═══ Data records ═══
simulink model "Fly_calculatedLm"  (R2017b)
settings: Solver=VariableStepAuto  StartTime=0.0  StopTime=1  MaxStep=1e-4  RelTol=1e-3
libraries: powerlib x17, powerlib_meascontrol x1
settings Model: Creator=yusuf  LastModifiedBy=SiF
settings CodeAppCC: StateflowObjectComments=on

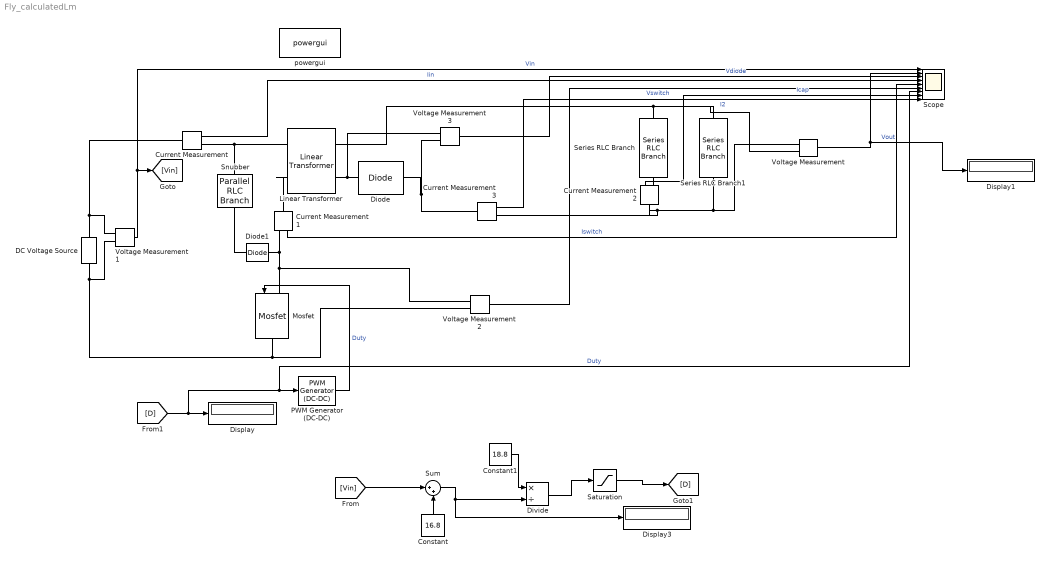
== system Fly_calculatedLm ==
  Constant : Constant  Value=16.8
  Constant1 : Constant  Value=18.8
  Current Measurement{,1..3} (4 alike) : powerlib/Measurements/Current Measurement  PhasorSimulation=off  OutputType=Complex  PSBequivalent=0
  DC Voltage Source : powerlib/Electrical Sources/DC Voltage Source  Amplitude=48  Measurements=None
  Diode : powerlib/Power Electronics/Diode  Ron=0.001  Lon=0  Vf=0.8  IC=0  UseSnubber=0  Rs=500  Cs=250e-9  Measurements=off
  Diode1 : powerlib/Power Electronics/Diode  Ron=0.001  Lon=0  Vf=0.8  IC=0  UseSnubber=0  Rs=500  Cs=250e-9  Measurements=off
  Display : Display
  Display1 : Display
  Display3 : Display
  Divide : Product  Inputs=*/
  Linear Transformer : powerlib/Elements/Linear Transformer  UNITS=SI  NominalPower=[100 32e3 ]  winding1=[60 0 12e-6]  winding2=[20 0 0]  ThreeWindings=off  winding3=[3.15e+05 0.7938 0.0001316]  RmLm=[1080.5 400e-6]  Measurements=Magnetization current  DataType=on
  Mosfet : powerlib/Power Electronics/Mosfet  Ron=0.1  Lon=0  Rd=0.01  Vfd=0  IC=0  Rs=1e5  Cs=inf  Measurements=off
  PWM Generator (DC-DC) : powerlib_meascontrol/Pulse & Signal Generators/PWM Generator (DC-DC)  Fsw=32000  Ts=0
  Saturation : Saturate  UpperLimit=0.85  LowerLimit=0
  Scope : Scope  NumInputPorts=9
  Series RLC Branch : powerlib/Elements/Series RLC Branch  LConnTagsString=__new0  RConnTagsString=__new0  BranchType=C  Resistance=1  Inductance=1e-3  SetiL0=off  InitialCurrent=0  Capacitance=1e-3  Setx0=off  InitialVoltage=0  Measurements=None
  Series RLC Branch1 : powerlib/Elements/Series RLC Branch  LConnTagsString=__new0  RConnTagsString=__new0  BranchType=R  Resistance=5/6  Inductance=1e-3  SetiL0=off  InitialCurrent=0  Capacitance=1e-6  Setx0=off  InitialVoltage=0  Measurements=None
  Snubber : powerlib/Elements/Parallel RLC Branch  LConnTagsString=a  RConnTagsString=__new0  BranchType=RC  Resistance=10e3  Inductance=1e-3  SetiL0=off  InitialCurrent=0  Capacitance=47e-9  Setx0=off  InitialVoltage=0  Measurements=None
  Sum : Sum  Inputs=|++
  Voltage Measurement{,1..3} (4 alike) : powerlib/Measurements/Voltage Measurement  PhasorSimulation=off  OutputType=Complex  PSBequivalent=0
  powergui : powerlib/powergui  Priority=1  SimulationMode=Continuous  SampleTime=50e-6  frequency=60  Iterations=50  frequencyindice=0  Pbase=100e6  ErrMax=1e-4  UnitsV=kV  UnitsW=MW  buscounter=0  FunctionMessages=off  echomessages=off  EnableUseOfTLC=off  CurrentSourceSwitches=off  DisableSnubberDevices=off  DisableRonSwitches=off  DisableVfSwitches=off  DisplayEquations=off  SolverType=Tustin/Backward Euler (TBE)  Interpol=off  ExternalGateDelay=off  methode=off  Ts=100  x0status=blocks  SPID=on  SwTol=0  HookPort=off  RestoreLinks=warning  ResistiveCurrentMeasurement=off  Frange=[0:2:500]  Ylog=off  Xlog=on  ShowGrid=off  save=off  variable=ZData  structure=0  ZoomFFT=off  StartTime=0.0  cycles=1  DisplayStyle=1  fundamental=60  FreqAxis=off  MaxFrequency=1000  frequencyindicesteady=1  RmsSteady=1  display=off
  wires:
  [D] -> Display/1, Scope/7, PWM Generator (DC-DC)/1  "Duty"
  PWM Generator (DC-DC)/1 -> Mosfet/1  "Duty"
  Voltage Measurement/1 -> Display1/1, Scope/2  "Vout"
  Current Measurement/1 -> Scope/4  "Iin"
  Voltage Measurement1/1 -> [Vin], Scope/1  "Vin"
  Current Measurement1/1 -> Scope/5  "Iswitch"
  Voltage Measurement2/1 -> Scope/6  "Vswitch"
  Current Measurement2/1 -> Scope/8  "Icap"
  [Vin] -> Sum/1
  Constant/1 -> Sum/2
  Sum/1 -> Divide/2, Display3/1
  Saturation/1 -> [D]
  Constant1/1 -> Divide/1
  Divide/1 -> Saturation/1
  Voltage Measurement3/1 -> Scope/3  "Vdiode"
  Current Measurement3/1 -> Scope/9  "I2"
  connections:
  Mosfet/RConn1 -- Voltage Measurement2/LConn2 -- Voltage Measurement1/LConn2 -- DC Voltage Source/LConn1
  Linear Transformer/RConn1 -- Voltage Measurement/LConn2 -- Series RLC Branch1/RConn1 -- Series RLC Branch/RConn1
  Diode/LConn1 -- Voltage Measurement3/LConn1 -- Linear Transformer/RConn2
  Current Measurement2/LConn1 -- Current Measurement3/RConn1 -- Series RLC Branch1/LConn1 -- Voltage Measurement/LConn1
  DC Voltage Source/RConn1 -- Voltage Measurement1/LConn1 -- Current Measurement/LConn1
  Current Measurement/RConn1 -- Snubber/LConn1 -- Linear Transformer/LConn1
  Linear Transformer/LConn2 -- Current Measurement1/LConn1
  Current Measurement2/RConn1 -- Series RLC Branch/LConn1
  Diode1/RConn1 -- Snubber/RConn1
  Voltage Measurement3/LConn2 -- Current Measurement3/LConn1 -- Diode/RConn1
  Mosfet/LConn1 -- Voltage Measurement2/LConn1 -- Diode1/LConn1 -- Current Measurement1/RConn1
═══
What you will do: Word for word, output the lines from the beginning of the listing through the line holding "alike) : powerlib/Measurements/Current" and nothing beyond them. Omit the pictures.

Response for this exercise:
simulink model "Fly_calculatedLm"  (R2017b)
settings: Solver=VariableStepAuto  StartTime=0.0  StopTime=1  MaxStep=1e-4  RelTol=1e-3
libraries: powerlib x17, powerlib_meascontrol x1
settings Model: Creator=yusuf  LastModifiedBy=SiF
settings CodeAppCC: StateflowObjectComments=on

== system Fly_calculatedLm ==
  Constant : Constant  Value=16.8
  Constant1 : Constant  Value=18.8
  Current Measurement{,1..3} (4 alike) : powerlib/Measurements/Current Measurement  PhasorSimulation=off  OutputType=Complex  PSBequivalent=0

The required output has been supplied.